[[ DATA IN THIS EXERCISE, beginning ]]
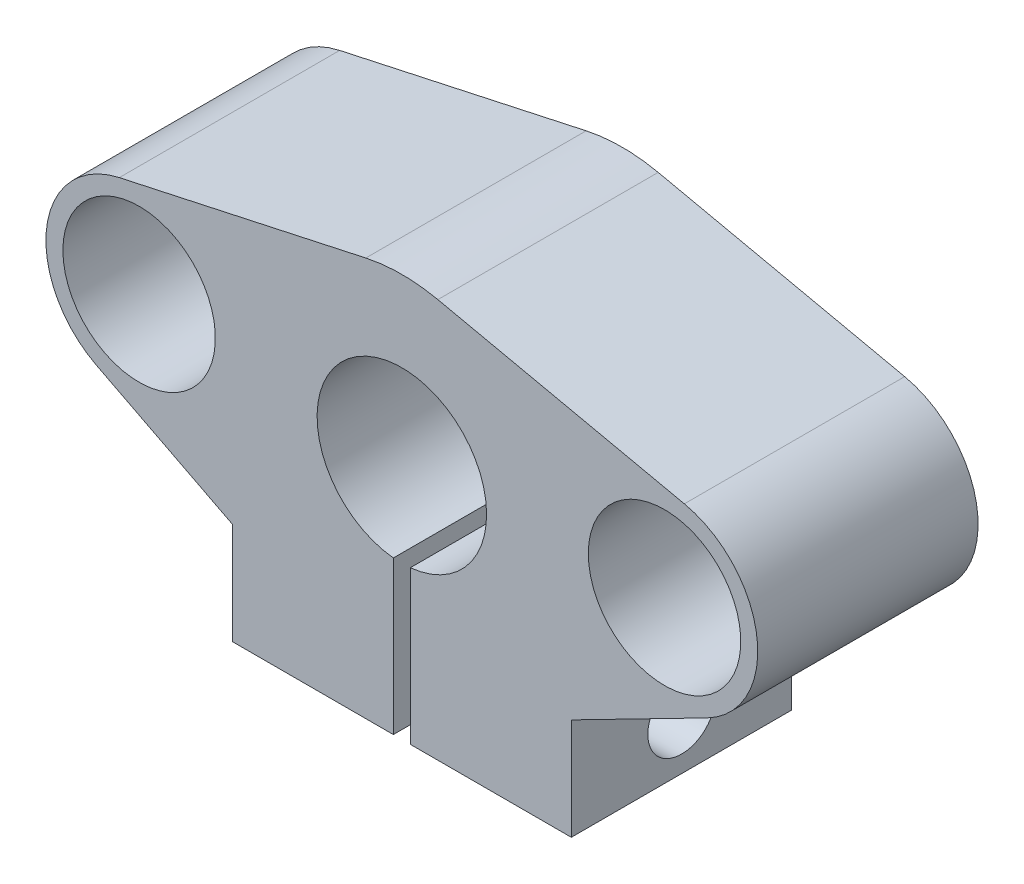
from build123d import *

# Parameters (mm, degrees)
SKETCH_1_R          = 5
SKETCH_1_W          = 19.999962028
SKETCH_1_H          = 6.000037038
EXTRUDE_1_DEPTH     = 13
SKETCH_2_R          = 2
CUT_EXTRUDE_1_DEPTH = 36.693120105
SKETCH_3_W          = 1
SKETCH_3_H          = 13
CUT_EXTRUDE_2_DEPTH = 13
FILLET_1_R          = 10


with BuildPart() as part:
    # 草图1 → 凸台-拉伸1 (new body)
    # profile 1 of 10: a face of its own
    with BuildSketch(Plane.XY):
        with BuildLine():
            ThreePointArc((18.008966142, -1.894393619), (10.046238322, 2.288323413), (16.668970702, 8.374337866))
            Line((16.668970702, 8.374337866), (0, 12))
            Line((0, 12), (-16.6689706, 8.374337888))
            ThreePointArc((-16.6689706, 8.374337888), (-12.048865281, 7.282483993), (-10, 3))
            ThreePointArc((-10, 3), (-12.632014098, -1.693043455), (-18.008966133, -1.894393624))
            Line((-18.008966133, -1.894393624), (-9.999981014, -5.999962962))
            Line((-9.999981014, -5.999962962), (9.999981014, -5.999962962))
            Line((9.999981014, -5.999962962), (18.008966142, -1.894393619))
        make_face()
        with Locations(Location((0, 2, 0), (0, 0, 180))):
            Circle(SKETCH_1_R, mode=Mode.SUBTRACT)
    # profile 2 of 10: a face of its own
    with BuildSketch(Plane.XY):
        with BuildLine():
            ThreePointArc((-10, 3), (-12.048865281, 7.282483993), (-16.6689706, 8.374337888))
            ThreePointArc((-16.6689706, 8.374337888), (-18.13580723, 7.827268404), (-19.389087297, 6.889087297))
            Line((-19.389087297, 6.889087297), (-18.680885962, 6.180885962))
            ThreePointArc((-18.680885962, 6.180885962), (-13.778516922, 7.156027793), (-11.001547932, 3))
            ThreePointArc((-11.001547932, 3), (-13.778516922, -1.156027793), (-18.680885962, -0.180885962))
            Line((-18.680885962, -0.180885962), (-19.389087297, -0.889087297))
            ThreePointArc((-19.389087297, -0.889087297), (-18.738276104, -1.445623452), (-18.008966133, -1.894393624))
            ThreePointArc((-18.008966133, -1.894393624), (-12.632014098, -1.693043455), (-10, 3))
        make_face()
    # profile 3 of 10: a face of its own
    with BuildSketch(Plane.XY):
        with BuildLine():
            Line((-18.680885962, 6.180885962), (-19.389087297, 6.889087297))
            ThreePointArc((-19.389087297, 6.889087297), (-20.581337429, 5.104758878), (-21, 3))
            ThreePointArc((-21, 3), (-20.581337429, 0.895241122), (-19.389087297, -0.889087297))
            Line((-19.389087297, -0.889087297), (-18.680885962, -0.180885962))
            ThreePointArc((-18.680885962, -0.180885962), (-19.998452068, 3), (-18.680885962, 6.180885962))
        make_face()
    # profile 4 of 10: a face of its own
    with BuildSketch(Plane.XY):
        with BuildLine():
            ThreePointArc((-10, 3), (-12.048865281, 7.282483993), (-16.6689706, 8.374337888))
            ThreePointArc((-16.6689706, 8.374337888), (-18.13580723, 7.827268404), (-19.389087297, 6.889087297))
            Line((-19.389087297, 6.889087297), (-18.680885962, 6.180885962))
            ThreePointArc((-18.680885962, 6.180885962), (-13.778516922, 7.156027793), (-11.001547932, 3))
            ThreePointArc((-11.001547932, 3), (-13.778516922, -1.156027793), (-18.680885962, -0.180885962))
            Line((-18.680885962, -0.180885962), (-19.389087297, -0.889087297))
            ThreePointArc((-19.389087297, -0.889087297), (-18.738276104, -1.445623452), (-18.008966133, -1.894393624))
            ThreePointArc((-18.008966133, -1.894393624), (-12.632014098, -1.693043455), (-10, 3))
        make_face()
    # profile 5 of 10: a face of its own
    with BuildSketch(Plane.XY):
        with BuildLine():
            Line((-18.680885962, 6.180885962), (-19.389087297, 6.889087297))
            ThreePointArc((-19.389087297, 6.889087297), (-20.581337429, 5.104758878), (-21, 3))
            ThreePointArc((-21, 3), (-20.581337429, 0.895241122), (-19.389087297, -0.889087297))
            Line((-19.389087297, -0.889087297), (-18.680885962, -0.180885962))
            ThreePointArc((-18.680885962, -0.180885962), (-19.998452068, 3), (-18.680885962, 6.180885962))
        make_face()
    # profile 6 of 10: a face of its own
    with BuildSketch(Plane.XY):
        with BuildLine():
            ThreePointArc((18.680885962, -0.180885962), (11.001547932, 3), (18.680885962, 6.180885962))
            Line((18.680885962, 6.180885962), (19.389087297, 6.889087297))
            ThreePointArc((19.389087297, 6.889087297), (18.135807275, 7.82726838), (16.668970702, 8.374337866))
            ThreePointArc((16.668970702, 8.374337866), (10.046238322, 2.288323413), (18.008966142, -1.894393619))
            ThreePointArc((18.008966142, -1.894393619), (18.738276108, -1.445623449), (19.389087297, -0.889087297))
            Line((19.389087297, -0.889087297), (18.680885962, -0.180885962))
        make_face()
    # profile 7 of 10: a face of its own
    with BuildSketch(Plane.XY):
        with BuildLine():
            Line((19.389087297, 6.889087297), (18.680885962, 6.180885962))
            ThreePointArc((18.680885962, 6.180885962), (19.656027793, 4.721483078), (19.998452068, 3))
            ThreePointArc((19.998452068, 3), (19.656027793, 1.278516922), (18.680885962, -0.180885962))
            Line((18.680885962, -0.180885962), (19.389087297, -0.889087297))
            ThreePointArc((19.389087297, -0.889087297), (20.581337429, 0.895241122), (21, 3))
            ThreePointArc((21, 3), (20.581337429, 5.104758878), (19.389087297, 6.889087297))
        make_face()
    # profile 8 of 10: a face of its own
    with BuildSketch(Plane.XY):
        with BuildLine():
            ThreePointArc((18.680885962, -0.180885962), (11.001547932, 3), (18.680885962, 6.180885962))
            Line((18.680885962, 6.180885962), (19.389087297, 6.889087297))
            ThreePointArc((19.389087297, 6.889087297), (18.135807275, 7.82726838), (16.668970702, 8.374337866))
            ThreePointArc((16.668970702, 8.374337866), (10.046238322, 2.288323413), (18.008966142, -1.894393619))
            ThreePointArc((18.008966142, -1.894393619), (18.738276108, -1.445623449), (19.389087297, -0.889087297))
            Line((19.389087297, -0.889087297), (18.680885962, -0.180885962))
        make_face()
    # profile 9 of 10: a face of its own
    with BuildSketch(Plane.XY):
        with BuildLine():
            Line((19.389087297, 6.889087297), (18.680885962, 6.180885962))
            ThreePointArc((18.680885962, 6.180885962), (19.656027793, 4.721483078), (19.998452068, 3))
            ThreePointArc((19.998452068, 3), (19.656027793, 1.278516922), (18.680885962, -0.180885962))
            Line((18.680885962, -0.180885962), (19.389087297, -0.889087297))
            ThreePointArc((19.389087297, -0.889087297), (20.581337429, 0.895241122), (21, 3))
            ThreePointArc((21, 3), (20.581337429, 5.104758878), (19.389087297, 6.889087297))
        make_face()
    # profile 10 of 10: a face of its own
    with BuildSketch(Plane.XY):
        with Locations((0, -8.999981481)):
            Rectangle(SKETCH_1_W, SKETCH_1_H)
    extrude(amount=EXTRUDE_1_DEPTH)

    # 草图2 → 切除-拉伸1 (cut, through all)
    with BuildSketch(Plane.ZY.offset(9.999981014)):
        with Locations((6.487900744, -8.999981481)):
            Circle(SKETCH_2_R)
    extrude(amount=-CUT_EXTRUDE_1_DEPTH, mode=Mode.SUBTRACT)

    # 草图3 → 切除-拉伸2 (cut)
    with BuildSketch(Plane.XZ.offset(12)):
        with Locations((0, 6.5)):
            Rectangle(SKETCH_3_W, SKETCH_3_H)
    extrude(amount=-CUT_EXTRUDE_2_DEPTH, mode=Mode.SUBTRACT)

    # 圆角1
    fillet_1_edges = [part.edges().sort_by_distance(p)[0] for p in [
        (0, 12, 6.5),
    ]]
    fillet(fillet_1_edges, radius=FILLET_1_R)


solid = part.part
[[ DATA IN THIS EXERCISE, end ]]
[WHAT THE TASK ASKS]: Leave out the pictures and restate, word for word, the lines from the top of the data through the line containing "# profile 3 of 10: a face of its own", both included.

[EXERCISE RESULT]:
from build123d import *

# Parameters (mm, degrees)
SKETCH_1_R          = 5
SKETCH_1_W          = 19.999962028
SKETCH_1_H          = 6.000037038
EXTRUDE_1_DEPTH     = 13
SKETCH_2_R          = 2
CUT_EXTRUDE_1_DEPTH = 36.693120105
SKETCH_3_W          = 1
SKETCH_3_H          = 13
CUT_EXTRUDE_2_DEPTH = 13
FILLET_1_R          = 10


with BuildPart() as part:
    # 草图1 → 凸台-拉伸1 (new body)
    # profile 1 of 10: a face of its own
    with BuildSketch(Plane.XY):
        with BuildLine():
            ThreePointArc((18.008966142, -1.894393619), (10.046238322, 2.288323413), (16.668970702, 8.374337866))
            Line((16.668970702, 8.374337866), (0, 12))
            Line((0, 12), (-16.6689706, 8.374337888))
            ThreePointArc((-16.6689706, 8.374337888), (-12.048865281, 7.282483993), (-10, 3))
            ThreePointArc((-10, 3), (-12.632014098, -1.693043455), (-18.008966133, -1.894393624))
            Line((-18.008966133, -1.894393624), (-9.999981014, -5.999962962))
            Line((-9.999981014, -5.999962962), (9.999981014, -5.999962962))
            Line((9.999981014, -5.999962962), (18.008966142, -1.894393619))
        make_face()
        with Locations(Location((0, 2, 0), (0, 0, 180))):
            Circle(SKETCH_1_R, mode=Mode.SUBTRACT)
    # profile 2 of 10: a face of its own
    with BuildSketch(Plane.XY):
        with BuildLine():
            ThreePointArc((-10, 3), (-12.048865281, 7.282483993), (-16.6689706, 8.374337888))
            ThreePointArc((-16.6689706, 8.374337888), (-18.13580723, 7.827268404), (-19.389087297, 6.889087297))
            Line((-19.389087297, 6.889087297), (-18.680885962, 6.180885962))
            ThreePointArc((-18.680885962, 6.180885962), (-13.778516922, 7.156027793), (-11.001547932, 3))
            ThreePointArc((-11.001547932, 3), (-13.778516922, -1.156027793), (-18.680885962, -0.180885962))
            Line((-18.680885962, -0.180885962), (-19.389087297, -0.889087297))
            ThreePointArc((-19.389087297, -0.889087297), (-18.738276104, -1.445623452), (-18.008966133, -1.894393624))
            ThreePointArc((-18.008966133, -1.894393624), (-12.632014098, -1.693043455), (-10, 3))
        make_face()
    # profile 3 of 10: a face of its own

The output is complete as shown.